- Your instructions -
Read through the data, and wherever a line holds the word "circuit", write that line out.

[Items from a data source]
________________

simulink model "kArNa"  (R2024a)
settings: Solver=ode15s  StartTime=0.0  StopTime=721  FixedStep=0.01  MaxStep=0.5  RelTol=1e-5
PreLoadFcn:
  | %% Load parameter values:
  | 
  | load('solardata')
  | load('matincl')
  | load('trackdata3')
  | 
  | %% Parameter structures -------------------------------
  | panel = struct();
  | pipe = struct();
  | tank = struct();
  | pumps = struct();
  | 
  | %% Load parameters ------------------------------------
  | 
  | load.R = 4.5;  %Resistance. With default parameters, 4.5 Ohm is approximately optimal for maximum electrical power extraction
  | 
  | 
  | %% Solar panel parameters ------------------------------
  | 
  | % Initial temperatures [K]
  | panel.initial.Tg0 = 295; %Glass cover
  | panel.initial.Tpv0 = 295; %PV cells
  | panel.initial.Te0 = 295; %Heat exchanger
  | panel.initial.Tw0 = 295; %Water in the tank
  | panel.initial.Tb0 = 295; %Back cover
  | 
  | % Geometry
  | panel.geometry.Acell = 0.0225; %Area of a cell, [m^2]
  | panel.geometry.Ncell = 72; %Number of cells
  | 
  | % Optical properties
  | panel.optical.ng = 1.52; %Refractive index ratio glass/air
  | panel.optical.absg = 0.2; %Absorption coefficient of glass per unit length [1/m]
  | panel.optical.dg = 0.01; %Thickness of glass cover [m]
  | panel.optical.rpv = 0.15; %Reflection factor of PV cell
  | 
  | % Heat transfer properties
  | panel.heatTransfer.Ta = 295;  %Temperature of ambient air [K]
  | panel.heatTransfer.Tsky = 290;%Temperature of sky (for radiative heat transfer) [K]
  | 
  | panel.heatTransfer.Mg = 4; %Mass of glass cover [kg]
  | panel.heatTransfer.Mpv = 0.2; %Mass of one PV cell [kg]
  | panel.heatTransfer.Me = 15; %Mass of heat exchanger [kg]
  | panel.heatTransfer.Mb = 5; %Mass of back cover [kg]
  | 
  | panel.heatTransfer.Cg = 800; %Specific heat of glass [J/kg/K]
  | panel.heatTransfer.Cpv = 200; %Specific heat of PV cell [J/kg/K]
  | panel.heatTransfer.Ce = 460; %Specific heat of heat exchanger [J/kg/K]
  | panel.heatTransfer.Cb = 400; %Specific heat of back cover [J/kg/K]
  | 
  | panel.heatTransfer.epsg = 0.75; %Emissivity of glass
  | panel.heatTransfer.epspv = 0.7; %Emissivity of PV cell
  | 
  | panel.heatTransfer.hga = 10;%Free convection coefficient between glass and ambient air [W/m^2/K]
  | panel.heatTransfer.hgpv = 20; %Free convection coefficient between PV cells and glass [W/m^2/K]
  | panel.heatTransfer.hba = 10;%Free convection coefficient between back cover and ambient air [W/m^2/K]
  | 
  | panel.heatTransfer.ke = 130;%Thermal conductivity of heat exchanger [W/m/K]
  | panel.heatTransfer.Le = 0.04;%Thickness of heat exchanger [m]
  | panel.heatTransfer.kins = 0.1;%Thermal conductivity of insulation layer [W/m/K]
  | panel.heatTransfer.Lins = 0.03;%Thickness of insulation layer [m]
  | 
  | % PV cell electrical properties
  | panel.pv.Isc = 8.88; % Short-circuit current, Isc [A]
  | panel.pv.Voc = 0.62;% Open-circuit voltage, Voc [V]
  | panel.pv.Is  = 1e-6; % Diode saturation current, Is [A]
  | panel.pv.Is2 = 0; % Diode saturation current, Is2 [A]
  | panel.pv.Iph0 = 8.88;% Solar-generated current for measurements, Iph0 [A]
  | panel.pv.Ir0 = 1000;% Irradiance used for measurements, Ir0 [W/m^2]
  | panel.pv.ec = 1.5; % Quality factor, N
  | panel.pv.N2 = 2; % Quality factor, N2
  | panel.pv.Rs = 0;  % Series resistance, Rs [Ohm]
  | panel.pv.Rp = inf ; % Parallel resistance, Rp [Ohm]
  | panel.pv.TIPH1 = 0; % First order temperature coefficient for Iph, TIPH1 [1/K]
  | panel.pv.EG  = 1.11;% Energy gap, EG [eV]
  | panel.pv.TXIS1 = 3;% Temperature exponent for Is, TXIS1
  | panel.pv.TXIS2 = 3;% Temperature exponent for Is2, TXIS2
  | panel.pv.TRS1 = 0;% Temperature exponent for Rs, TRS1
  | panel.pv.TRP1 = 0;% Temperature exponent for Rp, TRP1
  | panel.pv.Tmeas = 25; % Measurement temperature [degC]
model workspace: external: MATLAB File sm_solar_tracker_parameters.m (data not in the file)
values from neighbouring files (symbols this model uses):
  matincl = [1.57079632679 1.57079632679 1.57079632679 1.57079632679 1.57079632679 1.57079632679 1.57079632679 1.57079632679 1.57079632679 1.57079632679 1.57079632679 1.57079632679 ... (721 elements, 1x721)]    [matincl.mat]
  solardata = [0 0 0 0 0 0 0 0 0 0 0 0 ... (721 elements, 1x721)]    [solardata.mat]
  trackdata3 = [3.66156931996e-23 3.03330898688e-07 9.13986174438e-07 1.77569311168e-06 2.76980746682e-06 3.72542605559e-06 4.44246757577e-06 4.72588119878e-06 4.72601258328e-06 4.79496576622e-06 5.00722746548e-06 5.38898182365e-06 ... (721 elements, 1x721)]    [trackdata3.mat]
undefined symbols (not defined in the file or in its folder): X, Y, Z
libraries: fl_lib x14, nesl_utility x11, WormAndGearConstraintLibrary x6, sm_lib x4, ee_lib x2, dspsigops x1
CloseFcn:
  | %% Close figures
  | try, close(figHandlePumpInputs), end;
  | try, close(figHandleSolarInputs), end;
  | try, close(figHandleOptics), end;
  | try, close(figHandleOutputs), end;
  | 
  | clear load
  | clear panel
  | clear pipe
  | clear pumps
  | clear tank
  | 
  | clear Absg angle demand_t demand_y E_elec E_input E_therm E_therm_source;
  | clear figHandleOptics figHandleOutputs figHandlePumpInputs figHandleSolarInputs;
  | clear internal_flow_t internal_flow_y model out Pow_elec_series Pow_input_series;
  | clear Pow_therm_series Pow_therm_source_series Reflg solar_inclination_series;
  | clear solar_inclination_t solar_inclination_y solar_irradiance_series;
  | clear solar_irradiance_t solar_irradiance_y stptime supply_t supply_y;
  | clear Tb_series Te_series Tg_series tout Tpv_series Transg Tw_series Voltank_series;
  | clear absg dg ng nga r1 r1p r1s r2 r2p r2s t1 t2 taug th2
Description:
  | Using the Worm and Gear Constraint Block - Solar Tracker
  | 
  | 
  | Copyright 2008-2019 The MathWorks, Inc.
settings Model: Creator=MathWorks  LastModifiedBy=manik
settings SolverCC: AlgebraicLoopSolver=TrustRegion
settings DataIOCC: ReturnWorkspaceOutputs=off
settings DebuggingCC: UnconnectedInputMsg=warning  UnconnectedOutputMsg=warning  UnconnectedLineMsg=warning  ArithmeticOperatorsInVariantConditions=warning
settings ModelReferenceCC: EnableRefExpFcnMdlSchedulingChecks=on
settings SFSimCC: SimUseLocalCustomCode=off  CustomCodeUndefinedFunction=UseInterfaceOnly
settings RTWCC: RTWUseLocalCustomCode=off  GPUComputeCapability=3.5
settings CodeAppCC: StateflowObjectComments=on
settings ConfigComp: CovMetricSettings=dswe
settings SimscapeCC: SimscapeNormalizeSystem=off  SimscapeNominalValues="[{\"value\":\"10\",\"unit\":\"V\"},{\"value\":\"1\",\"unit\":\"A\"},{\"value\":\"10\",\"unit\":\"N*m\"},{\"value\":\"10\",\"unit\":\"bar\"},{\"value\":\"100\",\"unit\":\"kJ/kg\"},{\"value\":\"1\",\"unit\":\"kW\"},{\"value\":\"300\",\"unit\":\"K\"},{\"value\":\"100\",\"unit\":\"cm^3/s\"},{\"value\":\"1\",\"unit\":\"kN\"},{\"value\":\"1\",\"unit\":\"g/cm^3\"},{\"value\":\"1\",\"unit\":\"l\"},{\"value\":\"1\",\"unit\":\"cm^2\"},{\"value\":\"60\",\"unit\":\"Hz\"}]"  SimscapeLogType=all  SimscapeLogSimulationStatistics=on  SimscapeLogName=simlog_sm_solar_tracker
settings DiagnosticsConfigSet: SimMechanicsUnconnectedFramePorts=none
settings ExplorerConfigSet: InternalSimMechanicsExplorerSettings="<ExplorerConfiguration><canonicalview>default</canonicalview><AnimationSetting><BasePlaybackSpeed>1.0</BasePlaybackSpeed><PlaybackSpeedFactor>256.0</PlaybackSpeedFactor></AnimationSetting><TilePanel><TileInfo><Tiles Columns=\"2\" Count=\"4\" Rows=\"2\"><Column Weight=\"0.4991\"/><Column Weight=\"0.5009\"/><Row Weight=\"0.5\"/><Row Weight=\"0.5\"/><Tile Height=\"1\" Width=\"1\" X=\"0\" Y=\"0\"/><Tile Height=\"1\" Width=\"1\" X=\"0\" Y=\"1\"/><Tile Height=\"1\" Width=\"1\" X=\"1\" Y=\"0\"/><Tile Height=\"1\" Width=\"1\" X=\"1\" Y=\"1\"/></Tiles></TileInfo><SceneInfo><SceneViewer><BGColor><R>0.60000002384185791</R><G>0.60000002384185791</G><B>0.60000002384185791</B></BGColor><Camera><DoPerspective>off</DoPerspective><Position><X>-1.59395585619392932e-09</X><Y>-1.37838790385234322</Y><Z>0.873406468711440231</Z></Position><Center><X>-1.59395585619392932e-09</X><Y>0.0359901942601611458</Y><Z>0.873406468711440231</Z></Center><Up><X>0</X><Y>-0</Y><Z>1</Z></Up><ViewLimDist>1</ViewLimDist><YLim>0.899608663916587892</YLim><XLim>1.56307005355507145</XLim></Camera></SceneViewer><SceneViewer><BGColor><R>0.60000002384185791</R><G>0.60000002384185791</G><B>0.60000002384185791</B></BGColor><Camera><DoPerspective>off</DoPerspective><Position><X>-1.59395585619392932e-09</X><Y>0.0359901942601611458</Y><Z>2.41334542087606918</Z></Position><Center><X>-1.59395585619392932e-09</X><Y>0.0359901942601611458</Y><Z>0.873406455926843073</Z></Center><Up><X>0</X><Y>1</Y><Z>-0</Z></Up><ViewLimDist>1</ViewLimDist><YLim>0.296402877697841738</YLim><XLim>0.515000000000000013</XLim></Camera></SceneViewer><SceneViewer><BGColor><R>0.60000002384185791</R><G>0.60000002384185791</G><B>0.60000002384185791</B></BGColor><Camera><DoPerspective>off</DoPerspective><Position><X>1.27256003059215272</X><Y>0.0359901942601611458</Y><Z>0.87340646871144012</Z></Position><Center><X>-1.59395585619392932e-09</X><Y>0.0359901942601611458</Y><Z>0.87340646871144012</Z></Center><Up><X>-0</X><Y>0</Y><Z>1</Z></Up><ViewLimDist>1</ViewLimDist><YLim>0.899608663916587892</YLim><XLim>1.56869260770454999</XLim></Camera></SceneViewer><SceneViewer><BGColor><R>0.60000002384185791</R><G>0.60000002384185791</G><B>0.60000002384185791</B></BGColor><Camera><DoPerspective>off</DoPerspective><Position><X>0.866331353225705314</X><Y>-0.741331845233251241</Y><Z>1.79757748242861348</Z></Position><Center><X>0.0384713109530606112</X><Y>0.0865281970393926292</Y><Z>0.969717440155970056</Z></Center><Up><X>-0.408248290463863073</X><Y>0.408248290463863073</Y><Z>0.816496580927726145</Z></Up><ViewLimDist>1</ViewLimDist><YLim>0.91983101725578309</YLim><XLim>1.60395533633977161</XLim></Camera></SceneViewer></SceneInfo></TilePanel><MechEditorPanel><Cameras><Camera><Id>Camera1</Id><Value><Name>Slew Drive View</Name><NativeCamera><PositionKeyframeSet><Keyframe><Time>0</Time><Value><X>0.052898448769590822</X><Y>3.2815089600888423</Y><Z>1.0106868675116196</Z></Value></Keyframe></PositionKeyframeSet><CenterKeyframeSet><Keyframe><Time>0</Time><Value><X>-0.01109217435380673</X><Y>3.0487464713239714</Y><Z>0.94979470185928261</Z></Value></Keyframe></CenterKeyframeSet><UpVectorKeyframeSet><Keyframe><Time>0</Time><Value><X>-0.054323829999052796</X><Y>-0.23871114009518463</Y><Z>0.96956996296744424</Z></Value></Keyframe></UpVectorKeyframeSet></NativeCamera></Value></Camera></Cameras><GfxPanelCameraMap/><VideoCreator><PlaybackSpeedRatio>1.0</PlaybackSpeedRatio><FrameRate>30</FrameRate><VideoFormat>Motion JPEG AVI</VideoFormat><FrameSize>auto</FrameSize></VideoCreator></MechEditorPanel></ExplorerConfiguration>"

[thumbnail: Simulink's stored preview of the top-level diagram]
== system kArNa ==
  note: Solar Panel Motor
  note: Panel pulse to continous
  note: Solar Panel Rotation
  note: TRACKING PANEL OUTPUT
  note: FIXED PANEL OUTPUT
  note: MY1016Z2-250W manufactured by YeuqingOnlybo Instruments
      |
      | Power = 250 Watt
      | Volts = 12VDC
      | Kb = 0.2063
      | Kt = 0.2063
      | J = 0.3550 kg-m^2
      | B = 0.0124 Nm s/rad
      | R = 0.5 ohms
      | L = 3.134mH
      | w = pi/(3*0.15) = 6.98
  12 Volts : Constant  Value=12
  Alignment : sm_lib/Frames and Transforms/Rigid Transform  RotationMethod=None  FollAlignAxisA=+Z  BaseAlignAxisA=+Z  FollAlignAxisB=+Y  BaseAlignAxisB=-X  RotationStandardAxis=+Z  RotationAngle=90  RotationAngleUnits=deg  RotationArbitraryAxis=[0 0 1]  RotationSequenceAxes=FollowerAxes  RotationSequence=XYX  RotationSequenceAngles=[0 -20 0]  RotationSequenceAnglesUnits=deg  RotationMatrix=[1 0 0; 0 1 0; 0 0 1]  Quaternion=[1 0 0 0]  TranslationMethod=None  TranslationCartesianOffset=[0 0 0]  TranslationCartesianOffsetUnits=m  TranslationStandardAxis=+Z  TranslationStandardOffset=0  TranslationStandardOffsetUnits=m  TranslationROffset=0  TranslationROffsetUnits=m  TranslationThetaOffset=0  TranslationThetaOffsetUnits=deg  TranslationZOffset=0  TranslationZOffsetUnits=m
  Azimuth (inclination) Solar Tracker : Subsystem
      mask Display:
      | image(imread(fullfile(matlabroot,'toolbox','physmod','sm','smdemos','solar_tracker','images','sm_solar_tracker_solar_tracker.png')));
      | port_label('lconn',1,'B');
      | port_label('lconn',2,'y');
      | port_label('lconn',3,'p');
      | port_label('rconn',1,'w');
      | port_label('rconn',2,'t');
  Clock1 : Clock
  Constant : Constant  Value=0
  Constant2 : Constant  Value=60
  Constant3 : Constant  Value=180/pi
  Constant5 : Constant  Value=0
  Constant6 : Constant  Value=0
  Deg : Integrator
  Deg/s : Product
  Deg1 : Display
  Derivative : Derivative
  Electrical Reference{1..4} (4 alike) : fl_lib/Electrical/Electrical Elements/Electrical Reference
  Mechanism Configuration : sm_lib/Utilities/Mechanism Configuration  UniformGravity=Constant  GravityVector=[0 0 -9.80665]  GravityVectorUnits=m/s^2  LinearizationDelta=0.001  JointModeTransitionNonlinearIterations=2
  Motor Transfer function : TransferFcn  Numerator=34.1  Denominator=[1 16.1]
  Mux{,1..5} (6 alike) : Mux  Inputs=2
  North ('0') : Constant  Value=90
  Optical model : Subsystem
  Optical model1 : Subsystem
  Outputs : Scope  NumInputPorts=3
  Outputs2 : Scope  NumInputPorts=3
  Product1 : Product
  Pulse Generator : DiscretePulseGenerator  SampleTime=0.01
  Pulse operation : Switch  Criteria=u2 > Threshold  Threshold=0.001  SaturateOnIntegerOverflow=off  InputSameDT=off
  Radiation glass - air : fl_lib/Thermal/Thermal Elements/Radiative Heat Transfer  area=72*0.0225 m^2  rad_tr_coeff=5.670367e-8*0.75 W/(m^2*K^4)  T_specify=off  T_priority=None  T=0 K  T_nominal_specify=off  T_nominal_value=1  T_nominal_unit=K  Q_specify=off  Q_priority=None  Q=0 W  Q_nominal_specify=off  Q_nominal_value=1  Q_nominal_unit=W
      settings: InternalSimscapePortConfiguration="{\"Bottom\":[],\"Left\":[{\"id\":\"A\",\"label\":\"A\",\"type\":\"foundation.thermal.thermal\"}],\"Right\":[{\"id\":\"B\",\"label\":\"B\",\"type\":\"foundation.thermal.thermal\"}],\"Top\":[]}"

________________

- Answer space -
  | panel.pv.Isc = 8.88; % Short-circuit current, Isc [A]
  | panel.pv.Voc = 0.62;% Open-circuit voltage, Voc [V]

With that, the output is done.